(The records)
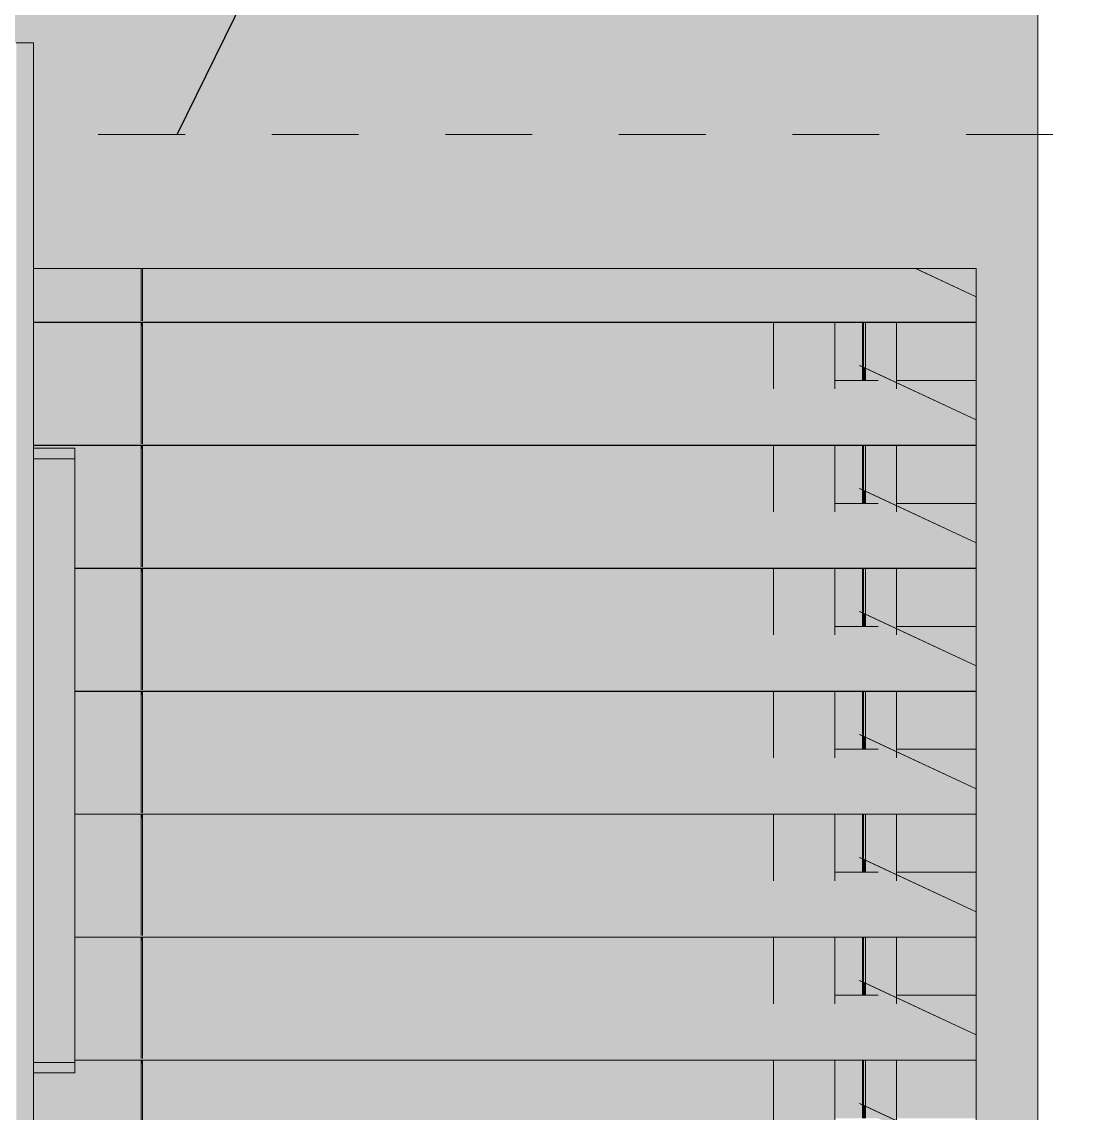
# Model space of a CAD drawing. Header units: millimetres. Extents: x 365175 to 2667127, y -330297 to -162108.
# Drawn here: x 2223053 to 2224764, y -320718 to -318943 of the extents above; entities that cross this region are included whole.
import ezdxf

# ---------------------------------------------------------------- set-up
doc = ezdxf.new("R2010")
doc.units = ezdxf.units.MM
doc.header["$MEASUREMENT"] = 0
doc.linetypes.add('Dashed', pattern=[282.222223, 141.111112, -141.111112])
for name, color, linetype in [('Cotations - Altitudes & Niveaux', 7, 'Continuous'), ('Fenêtres ARCHICAD', 7, 'Continuous'), ('Gaines techniques', 7, 'Continuous'), ('Structure - Murs extérieurs', 7, 'Continuous')]:
    doc.layers.add(name, color=color, linetype=linetype)
doc.dimstyles.new('STYLE_GENERE__6', dxfattribs={"dimtxt": 0.18, "dimasz": 114, "dimexe": 0.18, "dimexo": 0.0625, "dimgap": 0, "dimtad": 0, "dimtih": 1, "dimtoh": 1, "dimdec": 4, "dimzin": 0, "dimdsep": 46, "dimcen": 0.09, "dimadec": 0, "dimazin": 0, "dimtfac": 1, "dimtdec": 4, "dimtmove": 0, "dimatfit": 3, "dimldrblk": 'ARROWHEAD_16', "dimfxl": 0, "dimtolj": 1, "dimtzin": 0, "dimarcsym": 0})

# ---------------------------------------------------------------- blocks, each defined once
blk = doc.blocks.new('Élément de coupe_1325_3', base_point=(1963539.3, -327096.8))
at = {"layer": 'Structure - Murs extérieurs', "linetype": 'Continuous', "lineweight": 0, "true_color": 0x000000}
blk.add_hatch(color=18, dxfattribs=at).paths.add_polyline_path([(2224704.9, -319096.8), (2223071.7, -319096.8), (2223071.7, -319344.7), (2224604.9, -319344.7), (2224604.9, -322346.8), (2224704.9, -322346.8)])
at = {"layer": 'Structure - Murs extérieurs', "color": 7, "linetype": 'Continuous', "lineweight": 5}
for p, q in [((2224704.9, -319344.7), (2224704.9, -319096.8)), ((2224704.9, -322346.8), (2224704.9, -319344.7))]:
    blk.add_line(p, q, dxfattribs=at)
blk = doc.blocks.new('Élément de coupe_1326_3', base_point=(1963539.3, -327096.8))
at = {"linetype": 'Continuous', "lineweight": 0, "true_color": 0x000000}
blk.add_hatch(color=18, dxfattribs=at).paths.add_polyline_path([(2223043.7, -322096.8), (2223071.7, -322096.8), (2223071.7, -318977.5), (2223043.7, -318977.5)])
at = {"color": 7, "linetype": 'Continuous', "lineweight": 5}
for p, q in [((2223071.7, -318977.5), (2223043.7, -318977.5)), ((2223071.7, -322096.8), (2223071.7, -318977.5))]:
    blk.add_line(p, q, dxfattribs=at)
blk = doc.blocks.new('Élément de coupe_1357_3', base_point=(1963539.3, -327096.8))
at = {"linetype": 'Continuous', "lineweight": 0, "true_color": 0x000000}
for points in [[(2223139.1, -319636.7), (2223071.7, -319636.7), (2223071.7, -319643.3), (2223139.1, -319643.3)], [(2223139.1, -319643.3), (2223071.7, -319643.3), (2223071.7, -319653.8), (2223139.1, -319653.8)], [(2223139.1, -319653.8), (2223071.7, -319653.8), (2223071.7, -320635.8), (2223139.1, -320635.8)], [(2223071.7, -320636.1), (2223139.1, -320636.1), (2223139.1, -320635.8), (2223071.7, -320635.8)], [(2223071.7, -320636.1), (2223139.1, -320636.1), (2223139.1, -320635.8), (2223071.7, -320635.8)], [(2223139.1, -320636.1), (2223071.7, -320636.1), (2223071.7, -320648.2), (2223139.1, -320648.2)], [(2223139.1, -320636.1), (2223071.7, -320636.1), (2223071.7, -320648.2), (2223139.1, -320648.2)], [(2223139.1, -320648.2), (2223071.7, -320648.2), (2223071.7, -320652.2), (2223139.1, -320652.2)], [(2223139.1, -320648.2), (2223071.7, -320648.2), (2223071.7, -320652.2), (2223139.1, -320652.2)]]:
    blk.add_hatch(color=18, dxfattribs=at).paths.add_polyline_path(points)
at = {"color": 7, "linetype": 'Continuous', "lineweight": 5}
for p, q in [((2223071.7, -319636.7), (2223139.1, -319636.7)), ((2223139.1, -319636.7), (2223139.1, -319643.3)), ((2223139.1, -319643.3), (2223139.1, -319653.8)), ((2223071.7, -319653.8), (2223139.1, -319653.8)), ((2223139.1, -319653.8), (2223139.1, -320635.8)), ((2223071.7, -320635.8), (2223139.1, -320635.8)), ((2223139.1, -320635.8), (2223139.1, -320636.1)), ((2223139.1, -320636.1), (2223139.1, -320648.2)), ((2223071.7, -320652.2), (2223139.1, -320652.2)), ((2223139.1, -320648.2), (2223139.1, -320652.2))]:
    blk.add_line(p, q, dxfattribs=at)
blk = doc.blocks.new('Élément de coupe_1383_3', base_point=(1963539.3, -327096.8))
at = {"layer": 'Structure - Murs extérieurs', "linetype": 'Continuous', "lineweight": 0, "true_color": 0x000000}
for points in [[(2224474.9, -319526.4), (2224539.9, -319526.4), (2224539.9, -319432.1), (2224474.9, -319432.1)], [(2224474.9, -319526.4), (2224539.9, -319526.4), (2224539.9, -319432.1), (2224474.9, -319432.1)], [(2224539.9, -319526.4), (2224589.9, -319526.4), (2224589.9, -319432.1), (2224539.9, -319432.1)], [(2224539.9, -319526.4), (2224589.9, -319526.4), (2224589.9, -319432.1), (2224539.9, -319432.1)], [(2224604.9, -319432.1), (2224589.9, -319432.1), (2224589.9, -319526.4), (2224604.9, -319526.4)], [(2224589.9, -319526.4), (2224600.7, -319526.4), (2224604.9, -319519), (2224604.9, -319432.1), (2224589.9, -319432.1)], [(2224539.9, -319632.1), (2224474.9, -319632.1), (2224474.9, -319726.4), (2224539.9, -319726.4)], [(2224539.9, -319632.1), (2224474.9, -319632.1), (2224474.9, -319726.4), (2224539.9, -319726.4)], [(2224539.9, -319726.4), (2224589.9, -319726.4), (2224589.9, -319632.1), (2224539.9, -319632.1)], [(2224539.9, -319726.4), (2224573.9, -319726.4), (2224589.9, -319698.5), (2224589.9, -319632.1), (2224539.9, -319632.1)], [(2224604.9, -319632.1), (2224589.9, -319632.1), (2224589.9, -319726.4), (2224604.9, -319726.4)], [(2224589.9, -319632.1), (2224589.9, -319698.5), (2224604.9, -319672.3), (2224604.9, -319632.1)], [(2224539.9, -319832.1), (2224474.9, -319832.1), (2224474.9, -319926.4), (2224539.9, -319926.4)], [(2224539.9, -319832.1), (2224474.9, -319832.1), (2224474.9, -319926.4), (2224539.9, -319926.4)], [(2224589.9, -319832.1), (2224539.9, -319832.1), (2224539.9, -319926.4), (2224589.9, -319926.4)], [(2224589.9, -319832.1), (2224539.9, -319832.1), (2224539.9, -319926.4), (2224573.9, -319926.4), (2224589.9, -319898.5)], [(2224589.9, -319926.4), (2224604.9, -319926.4), (2224604.9, -319832.1), (2224589.9, -319832.1)], [(2224604.9, -319832.1), (2224589.9, -319832.1), (2224589.9, -319898.5), (2224604.9, -319872.3)], [(2224539.9, -320032.1), (2224474.9, -320032.1), (2224474.9, -320126.4), (2224539.9, -320126.4)], [(2224539.9, -320032.1), (2224474.9, -320032.1), (2224474.9, -320126.4), (2224539.9, -320126.4)], [(2224539.9, -320126.4), (2224589.9, -320126.4), (2224589.9, -320032.1), (2224539.9, -320032.1)], [(2224539.9, -320126.4), (2224573.9, -320126.4), (2224589.9, -320098.5), (2224589.9, -320032.1), (2224539.9, -320032.1)], [(2224589.9, -320126.4), (2224604.9, -320126.4), (2224604.9, -320032.1), (2224589.9, -320032.1)], [(2224604.9, -320032.1), (2224589.9, -320032.1), (2224589.9, -320098.5), (2224604.9, -320072.3)], [(2224474.9, -320232.1), (2224474.9, -320326.4), (2224539.9, -320326.4), (2224539.9, -320232.1)], [(2224474.9, -320232.1), (2224474.9, -320326.4), (2224539.9, -320326.4), (2224539.9, -320232.1)], [(2224539.9, -320326.4), (2224589.9, -320326.4), (2224589.9, -320232.1), (2224539.9, -320232.1)], [(2224539.9, -320326.4), (2224573.9, -320326.4), (2224589.9, -320298.5), (2224589.9, -320232.1), (2224539.9, -320232.1)], [(2224589.9, -320326.4), (2224604.9, -320326.4), (2224604.9, -320232.1), (2224589.9, -320232.1)], [(2224604.9, -320232.1), (2224589.9, -320232.1), (2224589.9, -320298.5), (2224604.9, -320272.3)], [(2224474.9, -320432.1), (2224474.9, -320526.4), (2224539.9, -320526.4), (2224539.9, -320432.1)], [(2224474.9, -320432.1), (2224474.9, -320526.4), (2224539.9, -320526.4), (2224539.9, -320432.1)], [(2224539.9, -320526.4), (2224589.9, -320526.4), (2224589.9, -320432.1), (2224539.9, -320432.1)], [(2224539.9, -320526.4), (2224573.9, -320526.4), (2224589.9, -320498.5), (2224589.9, -320432.1), (2224539.9, -320432.1)], [(2224604.9, -320432.1), (2224589.9, -320432.1), (2224589.9, -320526.4), (2224604.9, -320526.4)], [(2224589.9, -320432.1), (2224589.9, -320498.5), (2224604.9, -320472.3), (2224604.9, -320432.1)], [(2224474.9, -320632.1), (2224474.9, -320726.4), (2224539.9, -320726.4), (2224539.9, -320632.1)], [(2224474.9, -320632.1), (2224474.9, -320726.4), (2224539.9, -320726.4), (2224539.9, -320632.1)], [(2224539.9, -320726.4), (2224589.9, -320726.4), (2224589.9, -320632.1), (2224539.9, -320632.1)], [(2224539.9, -320726.4), (2224573.9, -320726.4), (2224589.9, -320698.5), (2224589.9, -320632.1), (2224539.9, -320632.1)], [(2224589.9, -320726.4), (2224604.9, -320726.4), (2224604.9, -320632.1), (2224589.9, -320632.1)], [(2224604.9, -320632.1), (2224589.9, -320632.1), (2224589.9, -320698.5), (2224604.9, -320672.3)]]:
    blk.add_hatch(color=18, dxfattribs=at).paths.add_polyline_path(points)
blk = doc.blocks.new('Élément de coupe_1384_3', base_point=(1963539.3, -327096.8))
at = {"layer": 'Fenêtres ARCHICAD', "linetype": 'Continuous', "lineweight": 0, "true_color": 0x000000}
for points in [[(2224474.9, -319432.1), (2224424.9, -319432.1), (2224424.9, -319506.7), (2224474.9, -319530)], [(2224474.9, -319432.1), (2224424.9, -319432.1), (2224424.9, -319506.7), (2224474.9, -319530)], [(2224424.9, -319506.8), (2224424.9, -319526.4), (2224445.4, -319526.4), (2224474.9, -319540.1), (2224474.9, -319530.1)], [(2224424.9, -319506.8), (2224424.9, -319526.4), (2224445.4, -319526.4), (2224474.9, -319540.1), (2224474.9, -319530.1)], [(2224424.9, -319706.7), (2224474.9, -319730), (2224474.9, -319632.1), (2224424.9, -319632.1)], [(2224424.9, -319706.7), (2224474.9, -319730), (2224474.9, -319632.1), (2224424.9, -319632.1)], [(2224474.9, -319730.1), (2224424.9, -319706.8), (2224424.9, -319726.4), (2224445.4, -319726.4), (2224474.9, -319740.1)], [(2224474.9, -319730.1), (2224424.9, -319706.8), (2224424.9, -319726.4), (2224445.4, -319726.4), (2224474.9, -319740.1)], [(2224424.9, -319906.7), (2224474.9, -319930), (2224474.9, -319832.1), (2224424.9, -319832.1)], [(2224424.9, -319906.7), (2224474.9, -319930), (2224474.9, -319832.1), (2224424.9, -319832.1)], [(2224474.9, -319930.1), (2224424.9, -319906.8), (2224424.9, -319926.4), (2224445.4, -319926.4), (2224474.9, -319940.1)], [(2224474.9, -319930.1), (2224424.9, -319906.8), (2224424.9, -319926.4), (2224445.4, -319926.4), (2224474.9, -319940.1)], [(2224424.9, -320106.7), (2224474.9, -320130), (2224474.9, -320032.1), (2224424.9, -320032.1)], [(2224424.9, -320106.7), (2224474.9, -320130), (2224474.9, -320032.1), (2224424.9, -320032.1)], [(2224474.9, -320130.1), (2224424.9, -320106.8), (2224424.9, -320126.4), (2224445.4, -320126.4), (2224474.9, -320140.1)], [(2224474.9, -320130.1), (2224424.9, -320106.8), (2224424.9, -320126.4), (2224445.4, -320126.4), (2224474.9, -320140.1)], [(2224424.9, -320306.7), (2224474.9, -320330), (2224474.9, -320232.1), (2224424.9, -320232.1)], [(2224424.9, -320306.7), (2224474.9, -320330), (2224474.9, -320232.1), (2224424.9, -320232.1)], [(2224474.9, -320330.1), (2224424.9, -320306.8), (2224424.9, -320326.4), (2224445.4, -320326.4), (2224474.9, -320340.1)], [(2224474.9, -320330.1), (2224424.9, -320306.8), (2224424.9, -320326.4), (2224445.4, -320326.4), (2224474.9, -320340.1)], [(2224424.9, -320432.1), (2224424.9, -320506.7), (2224474.9, -320530), (2224474.9, -320432.1)], [(2224424.9, -320432.1), (2224424.9, -320506.7), (2224474.9, -320530), (2224474.9, -320432.1)], [(2224474.9, -320530.1), (2224424.9, -320506.8), (2224424.9, -320526.4), (2224445.4, -320526.4), (2224474.9, -320540.1)], [(2224474.9, -320530.1), (2224424.9, -320506.8), (2224424.9, -320526.4), (2224445.4, -320526.4), (2224474.9, -320540.1)], [(2224424.9, -320706.7), (2224474.9, -320730), (2224474.9, -320632.1), (2224424.9, -320632.1)], [(2224424.9, -320706.7), (2224474.9, -320730), (2224474.9, -320632.1), (2224424.9, -320632.1)], [(2224474.9, -320730.1), (2224424.9, -320706.8), (2224424.9, -320726.4), (2224445.4, -320726.4), (2224474.9, -320740.1)], [(2224474.9, -320730.1), (2224424.9, -320706.8), (2224424.9, -320726.4), (2224445.4, -320726.4), (2224474.9, -320740.1)]]:
    blk.add_hatch(color=18, dxfattribs=at).paths.add_polyline_path(points)
at = {"layer": 'Fenêtres ARCHICAD', "color": 7, "linetype": 'Continuous', "lineweight": 5}
for p, q in [((2224424.9, -319506.7), (2224424.9, -319432.1)), ((2224474.9, -319432.1), (2224474.9, -319530)), ((2224424.9, -319526.4), (2224424.9, -319506.8)), ((2224474.9, -319530.1), (2224474.9, -319540.1)), ((2224424.9, -319706.7), (2224424.9, -319632.1)), ((2224474.9, -319632.1), (2224474.9, -319730)), ((2224424.9, -319726.4), (2224424.9, -319706.8)), ((2224474.9, -319730.1), (2224474.9, -319740.1)), ((2224424.9, -319906.7), (2224424.9, -319832.1)), ((2224474.9, -319832.1), (2224474.9, -319930)), ((2224424.9, -319926.4), (2224424.9, -319906.8)), ((2224474.9, -319930.1), (2224474.9, -319940.1)), ((2224424.9, -320106.7), (2224424.9, -320032.1)), ((2224474.9, -320032.1), (2224474.9, -320130)), ((2224424.9, -320126.4), (2224424.9, -320106.8)), ((2224474.9, -320130.1), (2224474.9, -320140.1)), ((2224424.9, -320306.7), (2224424.9, -320232.1)), ((2224474.9, -320232.1), (2224474.9, -320330)), ((2224424.9, -320326.4), (2224424.9, -320306.8)), ((2224474.9, -320330.1), (2224474.9, -320340.1)), ((2224424.9, -320506.7), (2224424.9, -320432.1)), ((2224474.9, -320432.1), (2224474.9, -320530)), ((2224424.9, -320526.4), (2224424.9, -320506.8)), ((2224474.9, -320530.1), (2224474.9, -320540.1)), ((2224424.9, -320706.7), (2224424.9, -320632.1)), ((2224474.9, -320632.1), (2224474.9, -320730)), ((2224424.9, -320726.4), (2224424.9, -320706.8))]:
    blk.add_line(p, q, dxfattribs=at)
blk = doc.blocks.new('Élément de coupe_1385_3', base_point=(1963539.3, -327096.8))
at = {"layer": 'Fenêtres ARCHICAD', "linetype": 'Continuous', "lineweight": 0, "true_color": 0x000000}
for points in [[(2223071.7, -319533.1), (2223246.8, -319533.1), (2223246.8, -319432.1), (2223071.7, -319432.1)], [(2223071.7, -319533.1), (2223246.8, -319533.1), (2223246.8, -319432.1), (2223071.7, -319432.1)], [(2223248.8, -319432.1), (2223248.8, -319533.1), (2224274.9, -319533.1), (2224274.9, -319432.1)], [(2223248.8, -319432.1), (2223248.8, -319533.1), (2224274.9, -319533.1), (2224274.9, -319432.1)], [(2224374.9, -319432.1), (2224274.9, -319432.1), (2224274.9, -319540.1), (2224374.9, -319540.1)], [(2224374.9, -319432.1), (2224274.9, -319432.1), (2224274.9, -319540.1), (2224374.9, -319540.1)], [(2223246.8, -319632.1), (2223071.7, -319632.1), (2223071.7, -319636.7), (2223139.1, -319636.7), (2223139.1, -319733.1), (2223246.8, -319733.1)], [(2223246.8, -319632.1), (2223071.7, -319632.1), (2223071.7, -319636.7), (2223139.1, -319636.7), (2223139.1, -319733.1), (2223246.8, -319733.1)], [(2223248.8, -319632.1), (2223248.8, -319733.1), (2224274.9, -319733.1), (2224274.9, -319632.1)], [(2223248.8, -319632.1), (2223248.8, -319733.1), (2224274.9, -319733.1), (2224274.9, -319632.1)], [(2224374.9, -319632.1), (2224274.9, -319632.1), (2224274.9, -319740.1), (2224374.9, -319740.1)], [(2224374.9, -319632.1), (2224274.9, -319632.1), (2224274.9, -319740.1), (2224374.9, -319740.1)], [(2223246.8, -319832.1), (2223139.1, -319832.1), (2223139.1, -319933.1), (2223246.8, -319933.1)], [(2223246.8, -319832.1), (2223139.1, -319832.1), (2223139.1, -319933.1), (2223246.8, -319933.1)], [(2223248.8, -319832.1), (2223248.8, -319933.1), (2224274.9, -319933.1), (2224274.9, -319832.1)], [(2223248.8, -319832.1), (2223248.8, -319933.1), (2224274.9, -319933.1), (2224274.9, -319832.1)], [(2224374.9, -319832.1), (2224274.9, -319832.1), (2224274.9, -319940.1), (2224374.9, -319940.1)], [(2224374.9, -319832.1), (2224274.9, -319832.1), (2224274.9, -319940.1), (2224374.9, -319940.1)], [(2223246.8, -320032.1), (2223139.1, -320032.1), (2223139.1, -320133.1), (2223246.8, -320133.1)], [(2223246.8, -320032.1), (2223139.1, -320032.1), (2223139.1, -320133.1), (2223246.8, -320133.1)], [(2223248.8, -320032.1), (2223248.8, -320133.1), (2224274.9, -320133.1), (2224274.9, -320032.1)], [(2223248.8, -320032.1), (2223248.8, -320133.1), (2224274.9, -320133.1), (2224274.9, -320032.1)], [(2224274.9, -320140.1), (2224374.9, -320140.1), (2224374.9, -320032.1), (2224274.9, -320032.1)], [(2224274.9, -320140.1), (2224374.9, -320140.1), (2224374.9, -320032.1), (2224274.9, -320032.1)], [(2223246.8, -320232.1), (2223139.1, -320232.1), (2223139.1, -320333.1), (2223246.8, -320333.1)], [(2223246.8, -320232.1), (2223139.1, -320232.1), (2223139.1, -320333.1), (2223246.8, -320333.1)], [(2223248.8, -320333.1), (2224274.9, -320333.1), (2224274.9, -320232.1), (2223248.8, -320232.1)], [(2223248.8, -320333.1), (2224274.9, -320333.1), (2224274.9, -320232.1), (2223248.8, -320232.1)], [(2224374.9, -320232.1), (2224274.9, -320232.1), (2224274.9, -320340.1), (2224374.9, -320340.1)], [(2224374.9, -320232.1), (2224274.9, -320232.1), (2224274.9, -320340.1), (2224374.9, -320340.1)], [(2223246.8, -320432.1), (2223139.1, -320432.1), (2223139.1, -320533.1), (2223246.8, -320533.1)], [(2223246.8, -320432.1), (2223139.1, -320432.1), (2223139.1, -320533.1), (2223246.8, -320533.1)], [(2223248.8, -320432.1), (2223248.8, -320533.1), (2224274.9, -320533.1), (2224274.9, -320432.1)], [(2223248.8, -320432.1), (2223248.8, -320533.1), (2224274.9, -320533.1), (2224274.9, -320432.1)], [(2224274.9, -320540.1), (2224374.9, -320540.1), (2224374.9, -320432.1), (2224274.9, -320432.1)], [(2224274.9, -320540.1), (2224374.9, -320540.1), (2224374.9, -320432.1), (2224274.9, -320432.1)], [(2223139.1, -320652.2), (2223071.7, -320652.2), (2223071.7, -320733.1), (2223246.8, -320733.1), (2223246.8, -320632.1), (2223139.1, -320632.1)], [(2223139.1, -320652.2), (2223071.7, -320652.2), (2223071.7, -320733.1), (2223246.8, -320733.1), (2223246.8, -320632.1), (2223139.1, -320632.1)], [(2223248.8, -320733.1), (2224274.9, -320733.1), (2224274.9, -320632.1), (2223248.8, -320632.1)], [(2223248.8, -320733.1), (2224274.9, -320733.1), (2224274.9, -320632.1), (2223248.8, -320632.1)], [(2224374.9, -320632.1), (2224274.9, -320632.1), (2224274.9, -320740.1), (2224374.9, -320740.1)], [(2224374.9, -320632.1), (2224274.9, -320632.1), (2224274.9, -320740.1), (2224374.9, -320740.1)]]:
    blk.add_hatch(color=18, dxfattribs=at).paths.add_polyline_path(points)
at = {"layer": 'Fenêtres ARCHICAD', "color": 7, "linetype": 'Continuous', "lineweight": 5}
for p, q in [((2223071.7, -319344.7), (2224604.9, -319344.7)), ((2224604.9, -319344.7), (2224604.9, -322346.8)), ((2224274.9, -319432.1), (2224274.9, -319540.1)), ((2224374.9, -319540.1), (2224374.9, -319432.1)), ((2224274.9, -319632.1), (2224274.9, -319740.1)), ((2224374.9, -319740.1), (2224374.9, -319632.1)), ((2224274.9, -319832.1), (2224274.9, -319940.1)), ((2224374.9, -319940.1), (2224374.9, -319832.1)), ((2224274.9, -320032.1), (2224274.9, -320140.1)), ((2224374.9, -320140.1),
(End The records)
» **Instructions to follow**: Using the listing, collect all lines in which the string "Élément" is found.

» **Reply**:
blk = doc.blocks.new('Élément de coupe_1325_3', base_point=(1963539.3, -327096.8))
blk = doc.blocks.new('Élément de coupe_1326_3', base_point=(1963539.3, -327096.8))
blk = doc.blocks.new('Élément de coupe_1357_3', base_point=(1963539.3, -327096.8))
blk = doc.blocks.new('Élément de coupe_1383_3', base_point=(1963539.3, -327096.8))
blk = doc.blocks.new('Élément de coupe_1384_3', base_point=(1963539.3, -327096.8))
blk = doc.blocks.new('Élément de coupe_1385_3', base_point=(1963539.3, -327096.8))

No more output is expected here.